■ HOW TO COMPLETE THIS TASK ■
Lines below that hold the word "Denominator" must be copied in full.

■ GIVEN RECORDS ■
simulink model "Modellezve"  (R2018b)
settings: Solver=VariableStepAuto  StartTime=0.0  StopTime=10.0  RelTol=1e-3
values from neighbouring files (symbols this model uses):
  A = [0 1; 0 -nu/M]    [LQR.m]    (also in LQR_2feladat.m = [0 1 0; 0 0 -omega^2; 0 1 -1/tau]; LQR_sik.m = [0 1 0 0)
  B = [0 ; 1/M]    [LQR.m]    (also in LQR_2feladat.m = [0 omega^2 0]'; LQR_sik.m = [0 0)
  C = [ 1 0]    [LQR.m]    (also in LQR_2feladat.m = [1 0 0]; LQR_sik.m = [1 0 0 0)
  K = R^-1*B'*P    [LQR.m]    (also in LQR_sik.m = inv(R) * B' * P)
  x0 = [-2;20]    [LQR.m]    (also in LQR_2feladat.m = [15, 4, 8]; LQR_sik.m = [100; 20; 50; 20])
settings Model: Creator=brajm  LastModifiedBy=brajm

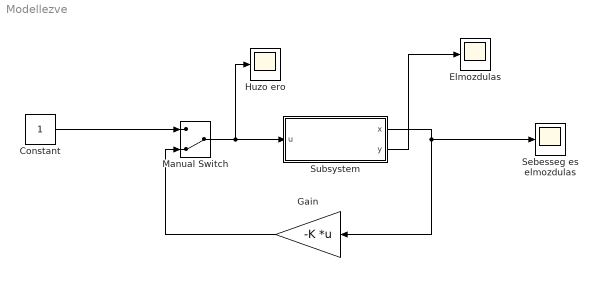
== system Modellezve ==
  Constant : Constant
  Elmozdulas : Scope
  Gain : Gain  Gain=-K  Multiplication=Matrix(K*u)
  Huzo ero : Scope
  Manual Switch : ManualSwitch  CurrentSetting=0
  Sebesseg es elmozdulas : Scope
  Subsystem : Subsystem
  wires:
  Constant/1 -> Manual Switch/1
  Manual Switch/1 -> Huzo ero/1, Subsystem/1(u)
  Subsystem/1(x) -> Gain/1, Sebesseg es elmozdulas/1
  Gain/1 -> Manual Switch/2
  Subsystem/2(y) -> Elmozdulas/1

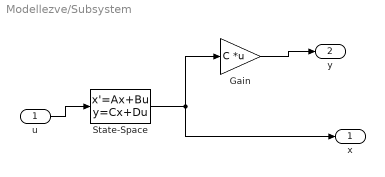
== system Modellezve/Subsystem ==
  u : Inport
  Gain : Gain  Gain=C  Multiplication=Matrix(K*u)
  State-Space : StateSpace  A=A  B=B  C=eye(2)  D=zeros(2,1)  InitialCondition=x0
  x : Outport
  y : Outport  Port=2
  wires:
  u/1 -> State-Space/1
  State-Space/1 -> x/1, Gain/1
  Gain/1 -> y/1
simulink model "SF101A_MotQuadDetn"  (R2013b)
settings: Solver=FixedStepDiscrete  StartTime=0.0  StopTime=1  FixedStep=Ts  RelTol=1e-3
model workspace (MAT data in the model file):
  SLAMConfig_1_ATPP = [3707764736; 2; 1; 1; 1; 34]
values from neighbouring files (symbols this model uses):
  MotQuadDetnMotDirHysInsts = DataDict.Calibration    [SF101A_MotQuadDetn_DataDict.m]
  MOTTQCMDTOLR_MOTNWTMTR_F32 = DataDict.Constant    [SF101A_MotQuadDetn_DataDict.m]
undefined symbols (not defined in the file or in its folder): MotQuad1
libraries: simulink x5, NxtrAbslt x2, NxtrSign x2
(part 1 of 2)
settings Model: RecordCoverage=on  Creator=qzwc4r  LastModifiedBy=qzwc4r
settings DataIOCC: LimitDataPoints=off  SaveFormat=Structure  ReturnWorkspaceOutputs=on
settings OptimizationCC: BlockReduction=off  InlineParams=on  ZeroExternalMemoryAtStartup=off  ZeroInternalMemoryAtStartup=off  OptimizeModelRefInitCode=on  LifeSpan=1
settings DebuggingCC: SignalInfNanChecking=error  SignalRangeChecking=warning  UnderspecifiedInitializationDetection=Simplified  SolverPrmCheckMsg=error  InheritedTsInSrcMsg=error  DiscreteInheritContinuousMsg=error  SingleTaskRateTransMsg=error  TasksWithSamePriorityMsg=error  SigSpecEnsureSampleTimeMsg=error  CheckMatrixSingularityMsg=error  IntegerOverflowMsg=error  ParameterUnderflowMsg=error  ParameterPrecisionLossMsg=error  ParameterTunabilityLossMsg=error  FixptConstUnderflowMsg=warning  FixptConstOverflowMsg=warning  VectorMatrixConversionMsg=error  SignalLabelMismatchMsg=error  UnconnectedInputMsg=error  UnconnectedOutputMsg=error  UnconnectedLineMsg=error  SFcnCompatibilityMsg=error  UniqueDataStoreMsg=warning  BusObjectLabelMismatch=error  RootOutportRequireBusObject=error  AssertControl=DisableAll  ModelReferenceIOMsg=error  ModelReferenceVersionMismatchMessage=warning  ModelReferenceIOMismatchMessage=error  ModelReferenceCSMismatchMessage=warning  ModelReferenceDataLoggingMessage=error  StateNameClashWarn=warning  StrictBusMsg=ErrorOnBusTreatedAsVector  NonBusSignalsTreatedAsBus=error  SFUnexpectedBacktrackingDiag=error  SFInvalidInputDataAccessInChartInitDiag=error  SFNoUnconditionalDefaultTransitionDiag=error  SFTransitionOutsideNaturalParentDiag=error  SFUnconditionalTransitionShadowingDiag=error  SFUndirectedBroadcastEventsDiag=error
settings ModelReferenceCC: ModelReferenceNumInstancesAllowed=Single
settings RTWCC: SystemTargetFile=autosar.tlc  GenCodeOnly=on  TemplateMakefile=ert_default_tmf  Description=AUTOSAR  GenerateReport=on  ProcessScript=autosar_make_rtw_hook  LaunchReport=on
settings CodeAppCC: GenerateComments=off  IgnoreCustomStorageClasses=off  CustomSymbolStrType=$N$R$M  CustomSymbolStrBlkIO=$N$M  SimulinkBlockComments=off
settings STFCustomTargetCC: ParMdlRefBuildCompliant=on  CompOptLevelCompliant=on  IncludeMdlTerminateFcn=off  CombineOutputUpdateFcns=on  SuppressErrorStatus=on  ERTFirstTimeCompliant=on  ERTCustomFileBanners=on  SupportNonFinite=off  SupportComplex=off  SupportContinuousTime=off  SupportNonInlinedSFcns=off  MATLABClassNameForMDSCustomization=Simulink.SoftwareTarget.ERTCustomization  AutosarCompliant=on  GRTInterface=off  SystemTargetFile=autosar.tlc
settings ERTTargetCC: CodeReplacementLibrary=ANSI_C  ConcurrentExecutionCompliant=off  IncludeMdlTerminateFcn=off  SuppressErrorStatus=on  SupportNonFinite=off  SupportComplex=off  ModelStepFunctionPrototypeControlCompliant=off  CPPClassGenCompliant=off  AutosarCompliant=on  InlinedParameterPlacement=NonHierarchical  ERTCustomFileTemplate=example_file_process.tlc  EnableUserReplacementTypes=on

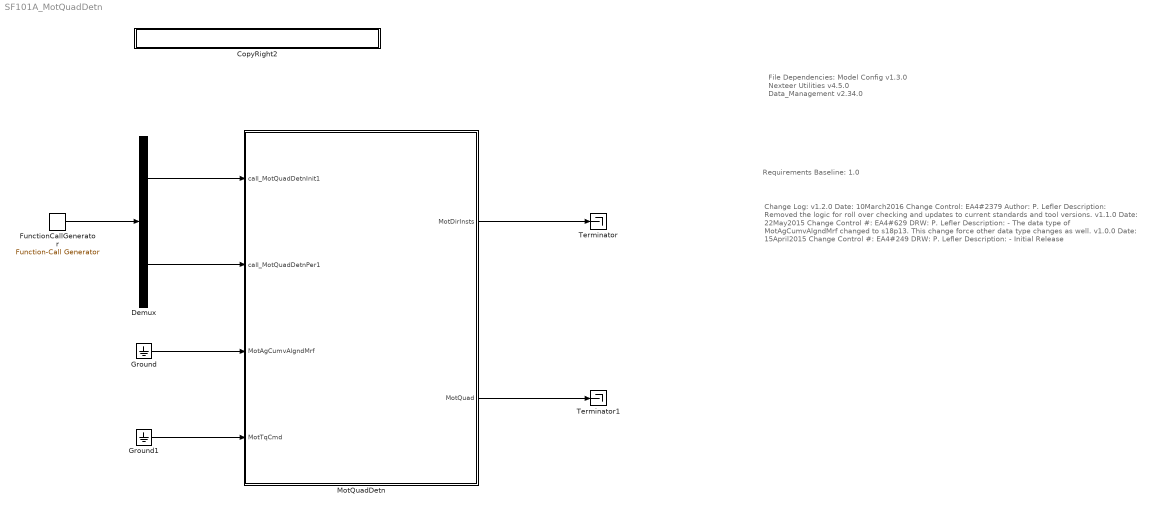
== system SF101A_MotQuadDetn ==
  note: File Dependencies:
      |
      | Model Config v1.3.0
      | Nexteer Utilities v4.5.0
      | Data_Management v2.34.0
  note: Requirements Baseline: 1.0
  note: Change Log:
      |
      | v1.2.0
      | Date: 10March2016
      | Change Control: EA4#2379
      | Author: P. Lefler
      | Description:
      | Removed the logic for roll over checking and updates to current standards and tool versions.
      |
      | v1.1.0
      | Date: 22May2015
      | Change Control #: EA4#629
      | DRW: P. Lefler
      | Description:
      | - The data type of MotAgCumvAlgndMrf changed to s18p13.
      |   This change force other data type changes as well.
      |
      | v1.0.0
      | Date: 15April2015
      | Change Control #: EA4#249
      | DRW: P. Lefler
      | Description:
      | - Initial Release
  CopyRight2 : Subsystem  Description=|  mask(Copyright Information){none=on}
      | Copyright info block.                                               
      |                                                                     
      | Place copyright information at the top of every subsystem in design.
      mask prompts: none "No parameters"
      mask help: Place copyright information at the top of every subsystem in design.
      mask Display:
      | NxtrConf = 'Nexteer Confidential';
      | 
      | sys = bdroot; %handle for the current model ("system")
      | first = get_param(sys,'Created');
      | if(isempty(first))
      |     first = datestr(now,'yyyy');
      | else
      |     first = first(end-3:end);  %year is last four digits
      | end
      | 
      | last = get_param(sys,'LastModifiedDate');
      | if isempty(last)
      |     last = datestr(now,'yyyy');
      | else
      |     last = last(end-3:end);
      | end
      | 
      | if strcmp(first,last)
      |     fprintf('%s -- Copyright %s Nexteer',NxtrConf,first)
      | else
      |     fprintf('%s -- %s%s- %s Nexteer',NxtrConf,char(169),first,last)
      | end
  Demux : Demux  Outputs=2
  FunctionCallGenerator : simulink/Ports & Subsystems/Function-Call Generator  RequirementInfo="{'linktype_rmi_doors' '0000bb40 (/E-STEER Core/SubSystem Specifications/Application Functions/SF99/SF101A Motor Quadrant Detection)' '#SF101A_63' 'true' 'REQ:  SF101A_63' '' } %GIDa_ba4b940a_c476_4c12_9873_433c070b2edb"  sample_time=0.002  numberOfIterations=1
  Ground : Ground
  Ground1 : Ground
  MotQuadDetn : Subsystem
  Terminator : Terminator
  Terminator1 : Terminator
  wires:
  Demux/1 -> MotQuadDetn/1(call_MotQuadDetnInit1)
  Demux/2 -> MotQuadDetn/2(call_MotQuadDetnPer1)
  FunctionCallGenerator/1 -> Demux/1
  Ground/1 -> MotQuadDetn/3(MotAgCumvAlgndMrf)
  MotQuadDetn/1(MotDirInsts) -> Terminator/1
  MotQuadDetn/2(MotQuad) -> Terminator1/1
  Ground1/1 -> MotQuadDetn/4(MotTqCmd)

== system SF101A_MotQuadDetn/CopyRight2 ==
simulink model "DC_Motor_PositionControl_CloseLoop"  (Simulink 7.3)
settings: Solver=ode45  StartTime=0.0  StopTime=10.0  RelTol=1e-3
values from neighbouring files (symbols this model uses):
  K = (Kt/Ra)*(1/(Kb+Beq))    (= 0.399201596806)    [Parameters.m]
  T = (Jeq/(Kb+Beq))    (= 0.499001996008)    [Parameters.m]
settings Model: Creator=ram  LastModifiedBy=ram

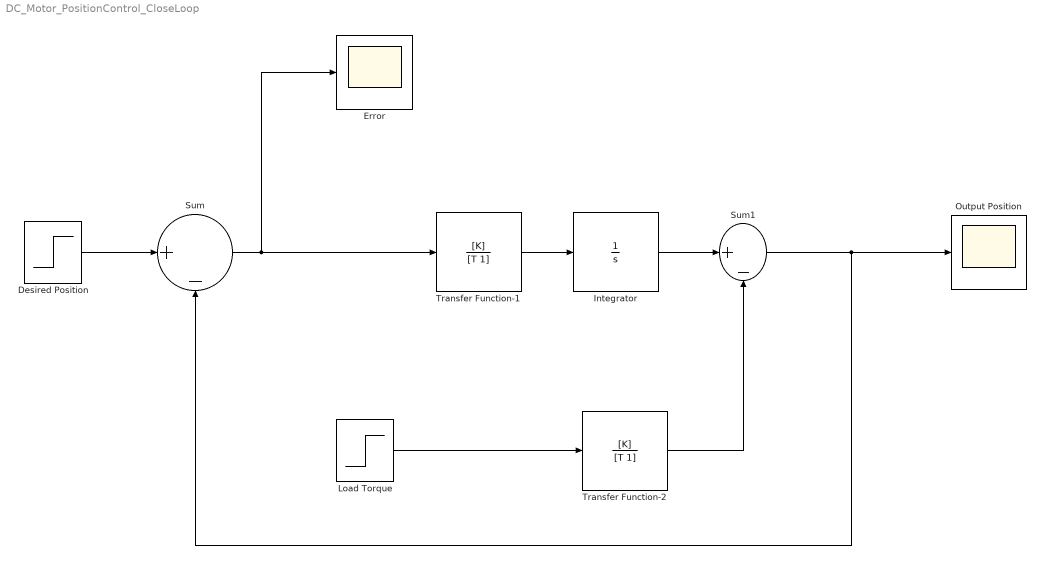
== system DC_Motor_PositionControl_CloseLoop ==
  Desired Position : Step  Time=0  After=5  SampleTime=0
  Error : Scope
  Integrator : TransferFcn  Denominator=[1 0]
  Load Torque : Step  Time=0  After=0  SampleTime=0
  Output Position : Scope
  Sum : Sum  Inputs=|+-  OutDataType=fixdt(1, 16)  OutScaling=2^0
  Sum1 : Sum  Inputs=|+-  OutDataType=fixdt(1, 16)  OutScaling=2^0
  Transfer Function-1 : TransferFcn  Numerator=[K]  Denominator=[T 1]
  Transfer Function-2 : TransferFcn  Numerator=[K]  Denominator=[T 1]
  wires:
  Transfer Function-1/1 -> Integrator/1
  Load Torque/1 -> Transfer Function-2/1
  Transfer Function-2/1 -> Sum1/2
  Sum1/1 -> Output Position/1, Sum/2
  Desired Position/1 -> Sum/1
  Integrator/1 -> Sum1/1
  Sum/1 -> Transfer Function-1/1, Error/1
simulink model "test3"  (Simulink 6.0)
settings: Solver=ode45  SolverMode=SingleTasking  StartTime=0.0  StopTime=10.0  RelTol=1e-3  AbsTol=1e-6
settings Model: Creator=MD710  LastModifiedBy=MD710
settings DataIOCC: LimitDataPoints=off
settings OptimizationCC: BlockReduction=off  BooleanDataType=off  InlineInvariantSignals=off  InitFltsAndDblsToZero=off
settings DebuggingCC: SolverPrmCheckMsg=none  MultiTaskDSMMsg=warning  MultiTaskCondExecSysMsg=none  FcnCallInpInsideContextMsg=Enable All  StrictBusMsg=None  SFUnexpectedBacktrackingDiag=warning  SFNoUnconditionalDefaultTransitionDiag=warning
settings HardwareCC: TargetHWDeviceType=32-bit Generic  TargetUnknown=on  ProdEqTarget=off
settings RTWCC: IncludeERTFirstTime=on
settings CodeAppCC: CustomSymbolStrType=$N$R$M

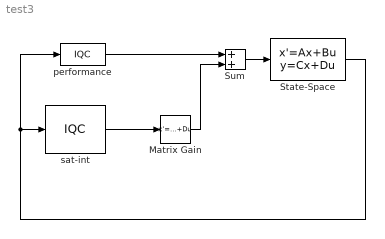
== system test3 ==
  Matrix Gain : StateSpace  A=[]  B=[]  C=[]  D=K  mask(Matrix Gain){K=1}
      mask prompts: K "Gain matrix:"
      mask help: Matrix Gain.
      mask Help: Multiplies input vector by entered matrix to produce output vector (y=Au).
      mask Display: disp('K')
  State-Space : StateSpace  A=[-5,1;2,-3]  B=[0;1]  C=[0 1]  D=[0]
  Sum : Sum  SaturateOnIntegerOverflow=on  InputSameDT=on
  performance : S-Function  FunctionName=IQC  EnableBusSupport=off  mask(IQC block){@1=1, @2=IN=w;OUT=f;}
      mask prompts: @1 "Order"; @2 "List of iqc relationships:"
      mask help: Uncertain blocks specification
      mask Help: IQC block to contain any type of uncertainty
      mask Display: plot(0,0,100,100,[10,20,30,40,30,20,10,0],[50,20,20,50,80,80,50,50],[90,80,70,60,70,80,90,100],[50,20,20,50,80,80,50,50],[55,45],[75,75],[55,45],[65,65],[55,45],[55,55],[46,55],[46,46],[55,46],[35,35],[55,46],[25,25])
  sat-int : S-Function  FunctionName=IQC  EnableBusSupport=off  mask(IQC block){@1=1, @2=out==iqc_ratelimiter(in)}
      mask prompts: @1 "Order"; @2 "List of iqc relationships"
      mask help: Uncertain blocks specification
      mask Help: IQC block to contain any type of uncertainty specified by user
      mask Display: plot(0,0,100,100,[18,45,45,18,18],[60,60,26,26,60],[62,82,82,62,62],[60,60,26,26,60],[62,0],[44,44],[79,65],[44,44],[71,71],[46,57],[68,69,72,74,73,71,69,68,69,72,74],[31,29,29,31,34,35,36,38,40,40,39],[31,31],[26,60],[45,38,24],[55,55,33],[24,18],[33,33],[99,82],[44,44],[10,12,8,10,10,90,90],[44,51,51,44,80,80,44],[7,2],[55,55])
  wires:
  Sum/1 -> State-Space/1
  Matrix Gain/1 -> Sum/2
  performance/1 -> Sum/1
  State-Space/1 -> performance/1, sat-int/1
  sat-int/1 -> Matrix Gain/1

■ OUTPUT FOR THIS EXERCISE ■
  Integrator : TransferFcn  Denominator=[1 0]
  Transfer Function-1 : TransferFcn  Numerator=[K]  Denominator=[T 1]
  Transfer Function-2 : TransferFcn  Numerator=[K]  Denominator=[T 1]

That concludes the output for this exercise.